§ **PROBLEM DESCRIPTION**:
Extract from the entries below, exactly as given, only the lines from the line containing "mat_material_001.diffuse_color = (1.0, 1.0, 1.0, 1.0)" to the line containing "me_cube_010 = bpy.data.meshes.new('Cube.010')", both lines included.

Records from a data collection:

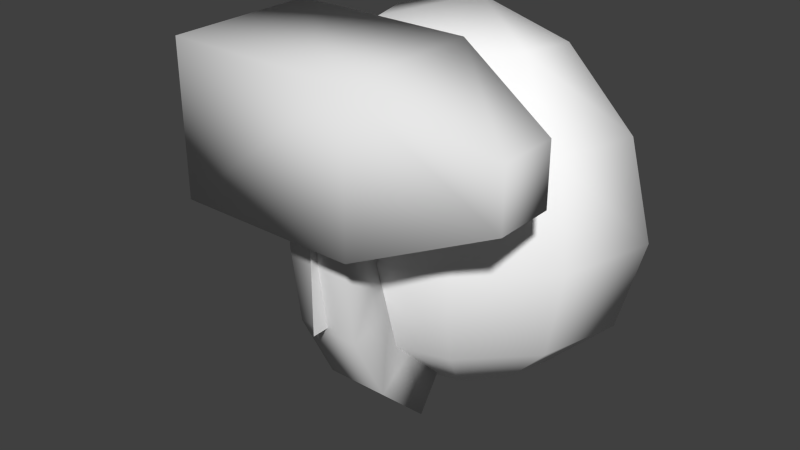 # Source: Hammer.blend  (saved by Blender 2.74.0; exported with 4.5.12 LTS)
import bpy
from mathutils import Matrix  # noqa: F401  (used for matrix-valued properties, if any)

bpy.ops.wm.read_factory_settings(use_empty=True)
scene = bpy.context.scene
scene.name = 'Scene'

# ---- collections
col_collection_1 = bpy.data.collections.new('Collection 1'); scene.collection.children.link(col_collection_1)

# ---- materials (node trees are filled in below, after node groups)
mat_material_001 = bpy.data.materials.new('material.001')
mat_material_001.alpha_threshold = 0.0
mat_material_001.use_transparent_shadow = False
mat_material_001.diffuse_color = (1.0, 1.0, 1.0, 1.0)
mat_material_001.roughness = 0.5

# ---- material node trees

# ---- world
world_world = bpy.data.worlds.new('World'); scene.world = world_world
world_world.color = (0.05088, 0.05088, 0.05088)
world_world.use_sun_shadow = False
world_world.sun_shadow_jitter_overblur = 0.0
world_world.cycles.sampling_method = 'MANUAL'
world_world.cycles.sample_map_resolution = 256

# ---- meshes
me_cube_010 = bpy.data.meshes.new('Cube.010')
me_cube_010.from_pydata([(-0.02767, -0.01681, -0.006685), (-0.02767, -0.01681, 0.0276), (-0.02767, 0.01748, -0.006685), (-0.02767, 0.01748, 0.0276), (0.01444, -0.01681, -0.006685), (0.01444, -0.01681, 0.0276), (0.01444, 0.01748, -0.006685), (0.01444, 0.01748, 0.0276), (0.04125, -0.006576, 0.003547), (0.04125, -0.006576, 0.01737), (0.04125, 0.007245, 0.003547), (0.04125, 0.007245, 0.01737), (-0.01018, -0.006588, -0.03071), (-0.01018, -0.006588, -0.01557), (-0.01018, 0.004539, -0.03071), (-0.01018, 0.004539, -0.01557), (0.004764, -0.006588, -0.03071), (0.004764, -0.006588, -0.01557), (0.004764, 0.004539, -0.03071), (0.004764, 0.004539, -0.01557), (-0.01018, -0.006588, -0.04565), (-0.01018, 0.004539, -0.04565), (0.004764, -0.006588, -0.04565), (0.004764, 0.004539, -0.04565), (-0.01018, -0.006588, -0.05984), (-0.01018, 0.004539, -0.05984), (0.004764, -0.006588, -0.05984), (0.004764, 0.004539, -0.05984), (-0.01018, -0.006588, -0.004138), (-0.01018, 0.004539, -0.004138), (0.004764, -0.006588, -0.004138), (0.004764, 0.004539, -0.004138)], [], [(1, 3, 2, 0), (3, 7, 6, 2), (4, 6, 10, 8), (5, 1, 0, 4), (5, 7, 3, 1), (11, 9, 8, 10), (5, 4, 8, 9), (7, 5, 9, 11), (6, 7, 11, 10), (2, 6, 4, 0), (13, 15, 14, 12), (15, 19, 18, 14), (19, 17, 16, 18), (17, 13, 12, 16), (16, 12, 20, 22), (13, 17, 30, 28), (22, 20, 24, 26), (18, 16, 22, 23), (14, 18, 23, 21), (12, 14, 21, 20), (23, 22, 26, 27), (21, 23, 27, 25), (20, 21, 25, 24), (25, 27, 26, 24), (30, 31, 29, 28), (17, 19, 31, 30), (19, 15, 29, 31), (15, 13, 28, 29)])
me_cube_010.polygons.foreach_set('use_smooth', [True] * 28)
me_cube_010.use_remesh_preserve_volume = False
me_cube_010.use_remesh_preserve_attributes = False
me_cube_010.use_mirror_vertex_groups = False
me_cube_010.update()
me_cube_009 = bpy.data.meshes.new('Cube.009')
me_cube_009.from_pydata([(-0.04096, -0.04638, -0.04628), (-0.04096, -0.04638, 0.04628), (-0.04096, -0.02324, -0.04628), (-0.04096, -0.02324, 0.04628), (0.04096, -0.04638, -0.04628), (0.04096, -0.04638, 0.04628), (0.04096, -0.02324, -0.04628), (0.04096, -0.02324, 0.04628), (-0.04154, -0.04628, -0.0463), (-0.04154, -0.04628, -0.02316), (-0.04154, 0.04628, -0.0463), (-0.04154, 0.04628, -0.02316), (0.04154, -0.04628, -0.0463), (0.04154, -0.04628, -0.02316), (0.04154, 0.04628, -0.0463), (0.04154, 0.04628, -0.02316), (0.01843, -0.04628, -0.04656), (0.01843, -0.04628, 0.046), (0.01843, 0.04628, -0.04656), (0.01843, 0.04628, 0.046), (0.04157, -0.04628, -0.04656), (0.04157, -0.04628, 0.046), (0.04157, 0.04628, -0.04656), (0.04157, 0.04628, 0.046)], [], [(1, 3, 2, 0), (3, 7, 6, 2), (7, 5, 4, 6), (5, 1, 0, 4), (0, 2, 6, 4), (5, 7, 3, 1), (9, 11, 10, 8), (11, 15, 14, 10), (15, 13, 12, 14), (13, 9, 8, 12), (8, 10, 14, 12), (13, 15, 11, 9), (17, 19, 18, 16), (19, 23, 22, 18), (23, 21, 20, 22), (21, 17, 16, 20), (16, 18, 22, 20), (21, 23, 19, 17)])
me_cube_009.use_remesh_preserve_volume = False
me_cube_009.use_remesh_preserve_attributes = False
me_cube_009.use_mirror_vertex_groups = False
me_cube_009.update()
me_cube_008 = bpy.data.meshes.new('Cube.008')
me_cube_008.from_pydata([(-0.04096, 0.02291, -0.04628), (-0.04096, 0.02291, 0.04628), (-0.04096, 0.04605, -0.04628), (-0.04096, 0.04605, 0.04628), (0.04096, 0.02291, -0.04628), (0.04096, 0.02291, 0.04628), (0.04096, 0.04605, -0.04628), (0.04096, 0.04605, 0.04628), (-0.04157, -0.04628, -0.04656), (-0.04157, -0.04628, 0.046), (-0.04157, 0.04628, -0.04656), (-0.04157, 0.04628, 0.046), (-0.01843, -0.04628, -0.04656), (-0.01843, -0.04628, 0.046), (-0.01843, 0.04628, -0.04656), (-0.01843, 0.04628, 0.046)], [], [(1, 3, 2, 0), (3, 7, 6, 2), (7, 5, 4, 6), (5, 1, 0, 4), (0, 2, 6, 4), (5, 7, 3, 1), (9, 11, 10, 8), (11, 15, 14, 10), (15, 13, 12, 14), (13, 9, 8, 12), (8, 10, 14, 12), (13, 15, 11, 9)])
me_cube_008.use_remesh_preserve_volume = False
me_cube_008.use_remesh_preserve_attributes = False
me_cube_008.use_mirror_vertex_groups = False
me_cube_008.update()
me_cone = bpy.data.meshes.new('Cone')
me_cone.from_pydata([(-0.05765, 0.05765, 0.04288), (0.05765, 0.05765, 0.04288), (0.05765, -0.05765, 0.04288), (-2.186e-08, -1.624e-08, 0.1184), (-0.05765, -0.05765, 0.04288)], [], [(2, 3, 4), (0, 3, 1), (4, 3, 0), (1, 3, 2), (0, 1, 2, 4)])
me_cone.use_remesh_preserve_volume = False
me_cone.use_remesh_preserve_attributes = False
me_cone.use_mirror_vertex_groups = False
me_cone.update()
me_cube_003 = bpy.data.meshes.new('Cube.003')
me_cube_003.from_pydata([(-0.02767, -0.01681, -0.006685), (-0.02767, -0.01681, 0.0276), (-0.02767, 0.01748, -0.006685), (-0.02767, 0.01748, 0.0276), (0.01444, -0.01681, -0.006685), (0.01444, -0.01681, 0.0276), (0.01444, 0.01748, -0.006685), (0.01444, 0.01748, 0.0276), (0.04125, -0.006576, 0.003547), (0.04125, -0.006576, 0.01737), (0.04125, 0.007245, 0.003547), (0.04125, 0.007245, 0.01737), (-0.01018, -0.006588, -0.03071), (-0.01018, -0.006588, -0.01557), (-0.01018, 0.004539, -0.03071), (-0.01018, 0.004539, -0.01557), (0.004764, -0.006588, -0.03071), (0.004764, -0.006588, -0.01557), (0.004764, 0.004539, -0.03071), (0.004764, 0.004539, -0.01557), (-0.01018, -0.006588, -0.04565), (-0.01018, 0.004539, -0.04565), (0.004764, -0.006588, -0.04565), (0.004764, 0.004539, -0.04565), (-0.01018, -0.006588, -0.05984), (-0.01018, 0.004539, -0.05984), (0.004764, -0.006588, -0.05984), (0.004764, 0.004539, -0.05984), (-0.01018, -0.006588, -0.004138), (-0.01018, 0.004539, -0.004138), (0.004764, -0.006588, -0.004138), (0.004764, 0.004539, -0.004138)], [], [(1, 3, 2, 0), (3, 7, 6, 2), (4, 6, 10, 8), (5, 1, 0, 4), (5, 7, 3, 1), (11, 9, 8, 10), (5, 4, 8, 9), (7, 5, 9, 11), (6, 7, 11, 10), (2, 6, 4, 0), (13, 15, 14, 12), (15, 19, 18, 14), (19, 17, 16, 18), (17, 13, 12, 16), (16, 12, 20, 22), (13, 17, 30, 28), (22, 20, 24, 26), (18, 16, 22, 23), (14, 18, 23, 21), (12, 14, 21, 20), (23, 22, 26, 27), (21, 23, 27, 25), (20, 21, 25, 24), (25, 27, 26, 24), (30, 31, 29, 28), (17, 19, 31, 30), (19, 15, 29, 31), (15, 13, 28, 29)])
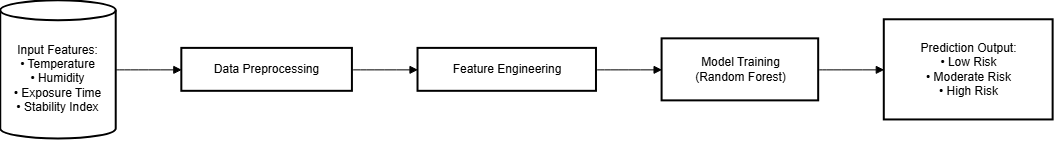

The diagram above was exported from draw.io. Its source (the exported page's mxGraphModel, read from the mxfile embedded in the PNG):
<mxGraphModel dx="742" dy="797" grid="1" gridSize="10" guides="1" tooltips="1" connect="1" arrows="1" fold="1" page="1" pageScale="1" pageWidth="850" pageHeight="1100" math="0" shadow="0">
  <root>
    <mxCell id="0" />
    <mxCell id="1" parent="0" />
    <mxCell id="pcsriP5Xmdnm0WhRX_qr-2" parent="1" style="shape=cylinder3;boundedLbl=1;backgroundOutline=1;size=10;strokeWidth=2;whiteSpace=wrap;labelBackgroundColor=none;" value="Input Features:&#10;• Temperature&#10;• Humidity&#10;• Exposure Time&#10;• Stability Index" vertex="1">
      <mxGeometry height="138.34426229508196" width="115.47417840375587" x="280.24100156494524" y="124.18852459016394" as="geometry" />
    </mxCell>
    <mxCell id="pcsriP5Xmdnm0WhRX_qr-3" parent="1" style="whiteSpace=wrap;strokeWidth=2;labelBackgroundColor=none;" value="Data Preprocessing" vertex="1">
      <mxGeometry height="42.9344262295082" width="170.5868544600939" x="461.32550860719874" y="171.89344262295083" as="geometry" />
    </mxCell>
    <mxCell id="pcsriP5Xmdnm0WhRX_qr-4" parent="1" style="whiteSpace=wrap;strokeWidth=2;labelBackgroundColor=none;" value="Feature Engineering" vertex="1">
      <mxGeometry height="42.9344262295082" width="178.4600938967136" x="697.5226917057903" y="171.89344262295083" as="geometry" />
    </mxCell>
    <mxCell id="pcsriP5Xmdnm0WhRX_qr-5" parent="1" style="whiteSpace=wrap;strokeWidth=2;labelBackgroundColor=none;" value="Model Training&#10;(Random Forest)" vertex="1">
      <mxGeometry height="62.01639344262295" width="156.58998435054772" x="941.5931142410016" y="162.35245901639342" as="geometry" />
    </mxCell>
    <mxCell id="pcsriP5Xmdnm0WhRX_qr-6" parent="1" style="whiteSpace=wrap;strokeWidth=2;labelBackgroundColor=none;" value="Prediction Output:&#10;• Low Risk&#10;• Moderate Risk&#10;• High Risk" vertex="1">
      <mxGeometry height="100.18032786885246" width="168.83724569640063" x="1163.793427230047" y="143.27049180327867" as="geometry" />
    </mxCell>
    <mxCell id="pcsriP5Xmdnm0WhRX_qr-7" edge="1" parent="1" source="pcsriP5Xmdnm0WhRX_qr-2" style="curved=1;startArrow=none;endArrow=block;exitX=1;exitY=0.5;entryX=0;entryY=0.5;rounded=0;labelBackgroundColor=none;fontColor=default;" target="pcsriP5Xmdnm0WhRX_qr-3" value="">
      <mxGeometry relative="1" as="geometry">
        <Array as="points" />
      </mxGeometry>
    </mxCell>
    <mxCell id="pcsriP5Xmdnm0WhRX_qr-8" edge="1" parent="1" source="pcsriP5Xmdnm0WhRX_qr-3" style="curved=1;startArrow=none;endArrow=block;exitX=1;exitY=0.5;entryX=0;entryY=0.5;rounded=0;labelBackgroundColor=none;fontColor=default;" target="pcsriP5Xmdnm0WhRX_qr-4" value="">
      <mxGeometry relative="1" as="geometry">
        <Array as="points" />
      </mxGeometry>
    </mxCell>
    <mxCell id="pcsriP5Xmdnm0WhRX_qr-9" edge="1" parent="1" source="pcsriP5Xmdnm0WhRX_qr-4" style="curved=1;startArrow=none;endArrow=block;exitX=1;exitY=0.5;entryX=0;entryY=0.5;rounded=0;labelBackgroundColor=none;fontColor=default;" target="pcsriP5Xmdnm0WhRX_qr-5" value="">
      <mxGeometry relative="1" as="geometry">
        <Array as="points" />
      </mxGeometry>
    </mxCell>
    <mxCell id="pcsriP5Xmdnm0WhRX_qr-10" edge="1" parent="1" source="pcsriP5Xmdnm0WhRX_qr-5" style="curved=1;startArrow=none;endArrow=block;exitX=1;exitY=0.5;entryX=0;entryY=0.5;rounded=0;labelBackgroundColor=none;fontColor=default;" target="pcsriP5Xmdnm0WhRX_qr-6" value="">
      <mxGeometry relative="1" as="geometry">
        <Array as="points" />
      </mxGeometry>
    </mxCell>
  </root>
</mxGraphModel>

§ **TASK ANSWER**:
mat_material_001.diffuse_color = (1.0, 1.0, 1.0, 1.0)
mat_material_001.roughness = 0.5

# ---- material node trees

# ---- world
world_world = bpy.data.worlds.new('World'); scene.world = world_world
world_world.color = (0.05088, 0.05088, 0.05088)
world_world.use_sun_shadow = False
world_world.sun_shadow_jitter_overblur = 0.0
world_world.cycles.sampling_method = 'MANUAL'
world_world.cycles.sample_map_resolution = 256

# ---- meshes
me_cube_010 = bpy.data.meshes.new('Cube.010')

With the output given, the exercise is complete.